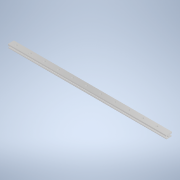
# Autodesk Inventor part: Fuehrungsschiene440mm
Saved by Autodesk Inventor 2021.3 (Build 253353000, 353)
## iProperties
Created: 2021-04-14
Part Number: Fuehrungsschiene440mm
Material: Generic
Document SubType Name: Modeling
Designer: Fabijan_Sven
Density: 1 g/cm^3
Appearance: Aluminum - Dark
Author: Fabijan_Sven
Autodesk Inventor part; units mm, degrees
ref_plane "YZ Plane" through (0, 0, 0) normal (1, 0, 0) x (0, 1, 0)
ref_plane "XZ Plane" through (0, 0, 0) normal (0, 1, 0) x (-1, 0, 0)
ref_plane "XY Plane" through (0, 0, 0) normal (0, 0, 1) x (1, 0, 0)
sketch "Sketch1" plane through (0, 0, 0) normal (1, 0, 0) x (0, 1, 0)
  line L0 (10.8, 8.5) -> (7, 8.5)
  line L1 (7, -8.5) -> (10.8, -8.5)
  line L2 (10.8, -8.5) -> (10.8, 8.5)
  line L3 (1.8, 7.5) -> (0, 7.5)
  line L4 (0, 7.5) -> (0, -7.5)
  line L5 (0, -7.5) -> (1.8, -7.5)
  line L6 (7, 8.5) -> (7, 4.25)
  line L7 (1.8, -7.5) -> (1.8, -4.25)
  arc A0 (5, 2.25) -> (7, 4.25) centre (5, 4.25) ccw
  arc A1 (7, -4.25) -> (5, -2.25) centre (5, -4.25) ccw
  arc A2 (3.8, -2.25) -> (1.8, -4.25) centre (3.8, -4.25) ccw
  arc A3 (1.8, 4.25) -> (3.8, 2.25) centre (3.8, 4.25) ccw
  line L8 (5, 2.25) -> (3.8, 2.25)
  line L9 (1.8, 4.25) -> (1.8, 7.5)
  line L10 (3.8, -2.25) -> (5, -2.25)
  line L11 (7, -4.25) -> (7, -8.5)
  point P0 (0, 0)
  dimension "d0" = 17
  dimension "d1" = 15
  dimension "d2" = 10.8
  dimension "d4" = 1.8
  dimension "d6" = 8.5
  dimension "d8" = 7.5
  dimension "d9" = 0
  dimension "d19" = 2
  dimension "d20" = 2
  dimension "d21" = 4.25
  dimension "d23" = 7
  dimension "d24" = 2
  dimension "d25" = 4.25
  dimension "d28" = 2
  dimension "d29" = 2
  dimension "d31" = 2
  dimension "d32" = 2
  dimension "d33" = 2
  dimension "d34" = 2
  dimension "d35" = 2
  constraints: 25 end point, 11 point on circle, 7 parallel, 4 centre point, 3 horizontal, 3 perpendicular, 2 collinear, 2 point on line, 2 tangent
  measures "d0" distance of L1.end L0.start
  measures "d1" distance of L3.end L4.end
  measures "d2" distance between parallel lines of L2 L4
  measures "d4" distance between parallel lines of L7 L4
  measures "d6" distance from line of L0 point (0, 0)
  measures "d8" distance from line of point (0, 0) L3
  measures "d9" distance from line of point (0, 0) L4
  measures "d19" distance from line of L8.start L6
  measures "d20" distance from line of L8 L6.end
  measures "d21" distance from line of L0 L6.end
  measures "d23" distance between parallel lines of L4 L11
  measures "d24" distance from line of L10 L11.start
  measures "d25" distance from line of L1 L11.start
  measures "d28" distance from line of L9 L8.end
  measures "d29" distance from line of L8 L9.start
  measures "d31" distance from line of L7 A2.centre
  measures "d32" distance from line of A2.end L10
  measures "d33" distance from line of L11 L10.end
  measures "d34" distance from line of A1.centre L11
  measures "d35" distance from line of A2.centre L10
extrude "Schiene" add sketch "Sketch1" along normal blind 450
sketch "Sketch2" plane through (0, 10.8, 8.5) normal (0, 1, 0) x (1, 0, 0)
  circle A0 centre (95, 8.5) radius 1.5
  circle A1 centre (55, 8.5) radius 1.5
  circle A2 centre (15, 8.5) radius 1.5
  circle A3 centre (135, 8.5) radius 1.5
  circle A4 centre (175, 8.5) radius 1.5
  circle A5 centre (215, 8.5) radius 1.5
  circle A6 centre (255, 8.5) radius 1.5
  circle A7 centre (295, 8.5) radius 1.5
  line L0 (0, 8.5) -> (450, 8.5) construction
  line L1 (450, 17) -> (450, 0) projected
  line L2 (0, 17) -> (0, 0) projected
  circle A8 centre (335, 8.5) radius 1.5
  circle A9 centre (375, 8.5) radius 1.5
  circle A10 centre (415, 8.5) radius 1.5
  line L3 (-48.7314, 8.5) -> (450.9636, 8.5) construction
  dimension "d38" = 15
  dimension "d39" = 40
  dimension "d40" = 40
  dimension "d41" = 40
  dimension "d42" = 40
  dimension "d43" = 40
  dimension "d44" = 40
  dimension "d48" = 40
  dimension "d49" = 40
  dimension "d53" = 40
  dimension "d54" = 40
  dimension "d59" = 3
  dimension "d60" = 3
  dimension "d61" = 3
  dimension "d62" = 3
  dimension "d63" = 3
  dimension "d64" = 3
  dimension "d65" = 3
  dimension "d66" = 3
  dimension "d67" = 3
  dimension "d68" = 3
  dimension "d69" = 3
  constraints: 11 centre point, 3 point on line, 2 end point, 1 midpoint, 12 other
  measures "d38" distance from line of A2.centre L2
  measures "d39" distance of A1.centre A2.centre
  measures "d40" distance of A1.centre A0.centre
  measures "d41" distance of A0.centre A3.centre
  measures "d42" distance of A3.centre A4.centre
  measures "d43" distance of A4.centre A5.centre
  measures "d44" distance of A5.centre A6.centre
  measures "d48" distance of A8.centre A9.centre
  measures "d49" distance of A9.centre A10.centre
  measures "d53" distance of A7.centre A6.centre
  measures "d54" distance of A8.centre A7.centre
  measures "d59" diameter of A10
  measures "d60" diameter of A9
  measures "d61" diameter of A8
  measures "d62" diameter of A7
  measures "d63" diameter of A6
  measures "d64" diameter of A5
  measures "d65" diameter of A4
  measures "d66" diameter of A3
  measures "d67" diameter of A0
  measures "d68" diameter of A1
  measures "d69" diameter of A2
hole "Hole1" at (415, 10.8, 0) at (375, 10.8, 0) at (335, 10.8, 0) at (295, 10.8, 0) at (255, 10.8, 0) at (215, 10.8, 0) at (175, 10.8, 0) at (135, 10.8, 0) at (95, 10.8, 0) at (55, 10.8, 0) at (15, 10.8, 0) direction (0, -1, 0) diameter 3 depth 20 tip angle 118 counterbore diameter 6 counterbore depth 3.5
equation "\"d93\" = d68"
body "Solid1"
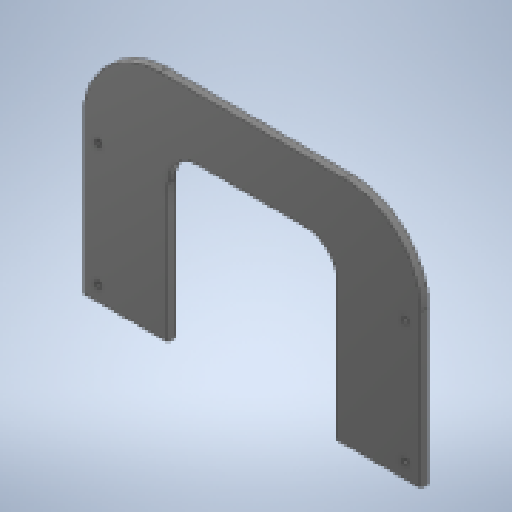
# Autodesk Inventor part: speaker_front
Saved by Autodesk Inventor 2026.2 (Build 302298010, 298A)
## iProperties
Created: 2026-05-31
Part Number: speaker_front
Material: ABS Plastic
Document SubType Name: Modeling
Designer: chris
Density: 1.06 g/cm^3
Appearance: Smooth - White
Author: chris
Autodesk Inventor part; units mm, degrees
ref_plane "YZ Plane" through (0, 0, 0) normal (1, 0, 0) x (0, 1, 0)
ref_plane "XZ Plane" through (0, 0, 0) normal (0, 1, 0) x (-1, 0, 0)
ref_plane "XY Plane" through (0, 0, 0) normal (0, 0, 1) x (1, 0, 0)
sketch "Sketch1" plane through (0, 0, 0) normal (0, 0, 1) x (1, 0, 0)
  line L0 (-110, -75) -> (110, -75)
  line L1 (110, -75) -> (110, 75)
  line L2 (110, 75) -> (-110, 75)
  line L3 (-110, 75) -> (-110, -75)
  line L4 (-110, -75) -> (110, 75) construction
  line L5 (110, -75) -> (-110, 75) construction
  point P0 (0, 0)
  dimension "d0" = 220
  dimension "d1" = 150
  constraints: 12 end point, 2 midpoint, 2 parallel, 1 horizontal, 1 perpendicular
  measures "d0" distance of L2.end L1.end
  measures "d1" distance of L1.end L0.end
extrude "Extrusion1" add sketch "Sketch1" along normal blind 5
sketch "Sketch2" plane through (0, 0, 0) normal (0, 0, -1) x (-1, 0, 0)
  circle A0 centre (100, 15) radius 2 projected
  circle A1 centre (-100, -65) radius 2 projected
  circle A2 centre (100, -65) radius 2 projected
  circle A3 centre (-100, 15) radius 2 projected
  line L0 (-110, -75) -> (-80, -75) projected
  line L1 (-80, -75) -> (-80, -70) projected
  line L2 (-95, -70) -> (-80, -70) projected
  line L3 (-95, -70) -> (-95, -60) projected
  line L4 (-95, -60) -> (-105, -60) projected
  line L5 (-105, -60) -> (-105, 10) projected
  line L6 (-105, 10) -> (-95, 10) projected
  line L7 (-95, 10) -> (-95, 20) projected
  line L8 (-95, 20) -> (-105, 20) projected
  line L9 (-105, 20) -> (-105, 25) projected
  arc A4 (-60, 70) -> (-105, 25) centre (-60, 25) ccw projected
  line L10 (-60, 70) -> (60, 70) projected
  arc A5 (105, 25) -> (60, 70) centre (60, 25) ccw projected
  line L11 (105, 20) -> (105, 25) projected
  line L12 (105, 20) -> (95, 20) projected
  line L13 (95, 20) -> (95, 10) projected
  line L14 (95, 10) -> (105, 10) projected
  line L15 (105, -60) -> (105, 10) projected
  line L16 (105, -60) -> (95, -60) projected
  line L17 (95, -60) -> (95, -70) projected
  line L18 (80, -70) -> (95, -70) projected
  line L19 (80, -70) -> (80, -75) projected
  line L20 (80, -75) -> (110, -75) projected
  line L21 (110, -75) -> (110, 25) projected
  arc A6 (110, 25) -> (60, 75) centre (60, 25) ccw projected
  line L22 (-60, 75) -> (60, 75) projected
  arc A7 (-60, 75) -> (-110, 25) centre (-60, 25) ccw projected
  line L23 (-110, -75) -> (-110, 25) projected
  line L24 (-110, -75) -> (110, -75)
  line L25 (110, -75) -> (110, 75)
  line L26 (110, 75) -> (-110, 75)
  line L27 (-110, 75) -> (-110, -75)
  line L28 (-110, -75) -> (110, 75) construction
  line L29 (110, -75) -> (-110, 75) construction
  point P0 (0, 0)
  point P1 (-110, 25)
  constraints: 12 end point, 2 midpoint, 2 parallel, 1 horizontal, 1 perpendicular
extrude "Extrusion2" cut sketch "Sketch2" against normal blind 5 contours A0 | A1 | A2 | A3 | L27 L26 A7 | L26 L25 A6
sketch "Sketch4" plane through (0, 0, 0) normal (0, 0, -1) x (-1, 0, 0)
  line L0 (-55, -75) -> (55, -75)
  line L1 (55, -75) -> (55, 15)
  line L2 (35, 35) -> (-35, 35)
  line L3 (-55, 15) -> (-55, -75)
  line L4 (110, -75) -> (-110, -75) projected
  arc A0 (-35, 35) -> (-55, 15) centre (-35, 15) ccw
  arc A1 (55, 15) -> (35, 35) centre (35, 15) ccw
  point P0 (0, 0)
  point P1 (55, 35)
  point P2 (-55, 35)
  dimension "d12" = 110
  dimension "d13" = 110
  dimension "d14" = 55
  dimension "d15" = 20
  constraints: 8 end point, 4 point on circle, 4 point on line, 4 tangent, 2 centre point, 2 parallel, 1 collinear, 1 equal radius, 1 horizontal, 1 perpendicular
  measures "d12" distance of point (-55, 35) point (55, 35)
  measures "d13" distance of point (55, 35) L0.end
  measures "d14" distance from line of L1 point (0, 0)
  measures "d15" radius of A0
extrude "Extrusion4" cut sketch "Sketch4" against normal blind 5
body "Solid1"

☆ ☆ ☆ ☆ ☆

§ **What the task requires**
From the records above, retype only the lines starting at the line that contains "of L0 L6.end" and ending at the line that contains "circle A9 centre (375, 8.5) radius 1.5", both included.

§ **Finished task**
  measures "d21" distance from line of L0 L6.end
  measures "d23" distance between parallel lines of L4 L11
  measures "d24" distance from line of L10 L11.start
  measures "d25" distance from line of L1 L11.start
  measures "d28" distance from line of L9 L8.end
  measures "d29" distance from line of L8 L9.start
  measures "d31" distance from line of L7 A2.centre
  measures "d32" distance from line of A2.end L10
  measures "d33" distance from line of L11 L10.end
  measures "d34" distance from line of A1.centre L11
  measures "d35" distance from line of A2.centre L10
extrude "Schiene" add sketch "Sketch1" along normal blind 450
sketch "Sketch2" plane through (0, 10.8, 8.5) normal (0, 1, 0) x (1, 0, 0)
  circle A0 centre (95, 8.5) radius 1.5
  circle A1 centre (55, 8.5) radius 1.5
  circle A2 centre (15, 8.5) radius 1.5
  circle A3 centre (135, 8.5) radius 1.5
  circle A4 centre (175, 8.5) radius 1.5
  circle A5 centre (215, 8.5) radius 1.5
  circle A6 centre (255, 8.5) radius 1.5
  circle A7 centre (295, 8.5) radius 1.5
  line L0 (0, 8.5) -> (450, 8.5) construction
  line L1 (450, 17) -> (450, 0) projected
  line L2 (0, 17) -> (0, 0) projected
  circle A8 centre (335, 8.5) radius 1.5
  circle A9 centre (375, 8.5) radius 1.5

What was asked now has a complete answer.